▸ Your goal
Please repeat the records beneath this task exactly as they appear, but skip the images.

Records Start Marker

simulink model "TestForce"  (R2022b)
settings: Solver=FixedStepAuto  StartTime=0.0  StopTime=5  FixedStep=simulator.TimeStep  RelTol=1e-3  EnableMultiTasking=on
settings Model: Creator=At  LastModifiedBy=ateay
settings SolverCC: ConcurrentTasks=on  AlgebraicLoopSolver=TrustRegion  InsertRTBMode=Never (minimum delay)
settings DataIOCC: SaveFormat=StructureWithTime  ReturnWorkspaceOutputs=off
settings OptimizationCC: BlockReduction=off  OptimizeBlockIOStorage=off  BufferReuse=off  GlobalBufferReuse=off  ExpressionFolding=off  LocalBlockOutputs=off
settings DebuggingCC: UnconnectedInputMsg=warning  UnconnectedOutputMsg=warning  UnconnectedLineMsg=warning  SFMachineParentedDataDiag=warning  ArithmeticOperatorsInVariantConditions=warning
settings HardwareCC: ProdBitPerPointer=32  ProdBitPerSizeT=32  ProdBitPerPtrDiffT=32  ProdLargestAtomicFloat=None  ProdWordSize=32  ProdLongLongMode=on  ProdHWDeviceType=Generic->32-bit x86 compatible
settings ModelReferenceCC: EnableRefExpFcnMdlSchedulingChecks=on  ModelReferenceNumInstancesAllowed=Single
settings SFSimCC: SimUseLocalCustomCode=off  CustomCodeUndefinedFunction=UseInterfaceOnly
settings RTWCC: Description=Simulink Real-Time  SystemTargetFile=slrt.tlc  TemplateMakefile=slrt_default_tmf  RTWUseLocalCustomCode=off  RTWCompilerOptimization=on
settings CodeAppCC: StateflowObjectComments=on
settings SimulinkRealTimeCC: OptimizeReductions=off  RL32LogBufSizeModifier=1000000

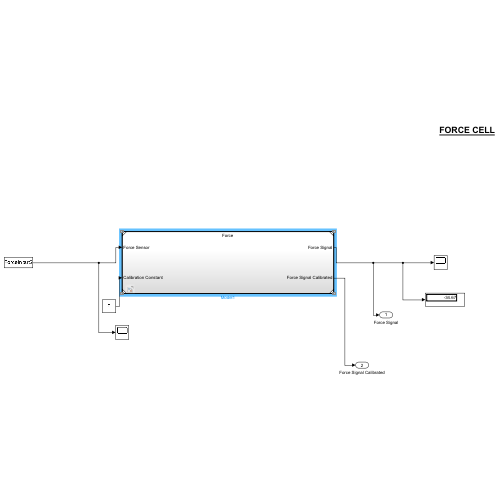
[thumbnail: Simulink's stored preview of the top-level diagram]
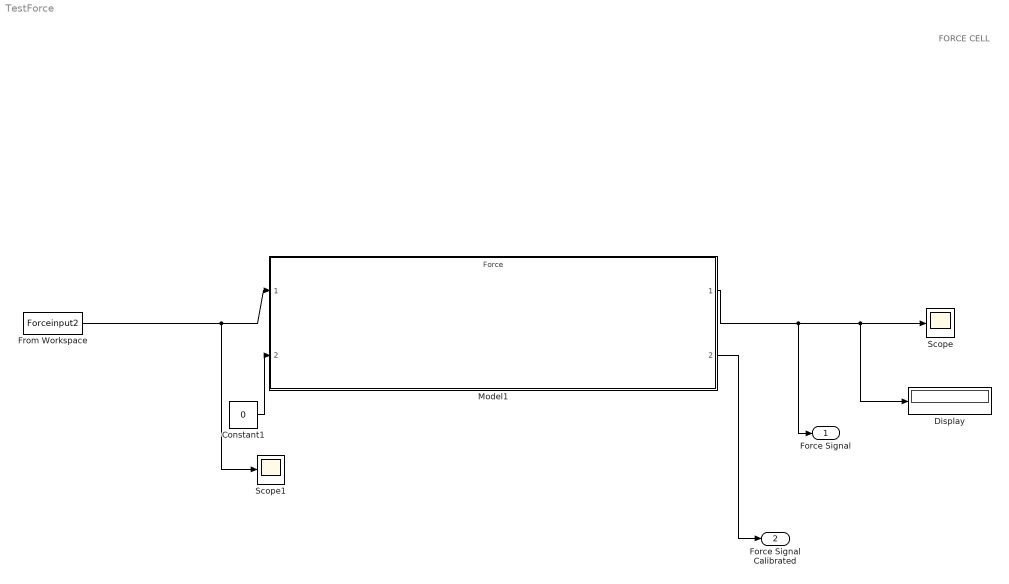
== system TestForce ==
  note: FORCE CELL
  Constant1 : Constant  Value=0
  Display : Display
  From Workspace : FromWorkspace  VariableName=Forceinput2
  Model1 : ModelReference  ModelNameDialog=Force.slx  SimulationMode=Normal  ModelReferenceVersion=1.61
  Scope : Scope
  Scope1 : Scope
  Force Signal : Outport
  Force Signal Calibrated : Outport  Port=2
  wires:
  Model1/1 -> Force Signal/1, Display/1, Scope/1
  From Workspace/1 -> Scope1/1, Model1/1
  Constant1/1 -> Model1/2
  Model1/2 -> Force Signal Calibrated/1

Records End Marker

▸ Your response
simulink model "TestForce"  (R2022b)
settings: Solver=FixedStepAuto  StartTime=0.0  StopTime=5  FixedStep=simulator.TimeStep  RelTol=1e-3  EnableMultiTasking=on
settings Model: Creator=At  LastModifiedBy=ateay
settings SolverCC: ConcurrentTasks=on  AlgebraicLoopSolver=TrustRegion  InsertRTBMode=Never (minimum delay)
settings DataIOCC: SaveFormat=StructureWithTime  ReturnWorkspaceOutputs=off
settings OptimizationCC: BlockReduction=off  OptimizeBlockIOStorage=off  BufferReuse=off  GlobalBufferReuse=off  ExpressionFolding=off  LocalBlockOutputs=off
settings DebuggingCC: UnconnectedInputMsg=warning  UnconnectedOutputMsg=warning  UnconnectedLineMsg=warning  SFMachineParentedDataDiag=warning  ArithmeticOperatorsInVariantConditions=warning
settings HardwareCC: ProdBitPerPointer=32  ProdBitPerSizeT=32  ProdBitPerPtrDiffT=32  ProdLargestAtomicFloat=None  ProdWordSize=32  ProdLongLongMode=on  ProdHWDeviceType=Generic->32-bit x86 compatible
settings ModelReferenceCC: EnableRefExpFcnMdlSchedulingChecks=on  ModelReferenceNumInstancesAllowed=Single
settings SFSimCC: SimUseLocalCustomCode=off  CustomCodeUndefinedFunction=UseInterfaceOnly
settings RTWCC: Description=Simulink Real-Time  SystemTargetFile=slrt.tlc  TemplateMakefile=slrt_default_tmf  RTWUseLocalCustomCode=off  RTWCompilerOptimization=on
settings CodeAppCC: StateflowObjectComments=on
settings SimulinkRealTimeCC: OptimizeReductions=off  RL32LogBufSizeModifier=1000000

[thumbnail: Simulink's stored preview of the top-level diagram]
== system TestForce ==
  note: FORCE CELL
  Constant1 : Constant  Value=0
  Display : Display
  From Workspace : FromWorkspace  VariableName=Forceinput2
  Model1 : ModelReference  ModelNameDialog=Force.slx  SimulationMode=Normal  ModelReferenceVersion=1.61
  Scope : Scope
  Scope1 : Scope
  Force Signal : Outport
  Force Signal Calibrated : Outport  Port=2
  wires:
  Model1/1 -> Force Signal/1, Display/1, Scope/1
  From Workspace/1 -> Scope1/1, Model1/1
  Constant1/1 -> Model1/2
  Model1/2 -> Force Signal Calibrated/1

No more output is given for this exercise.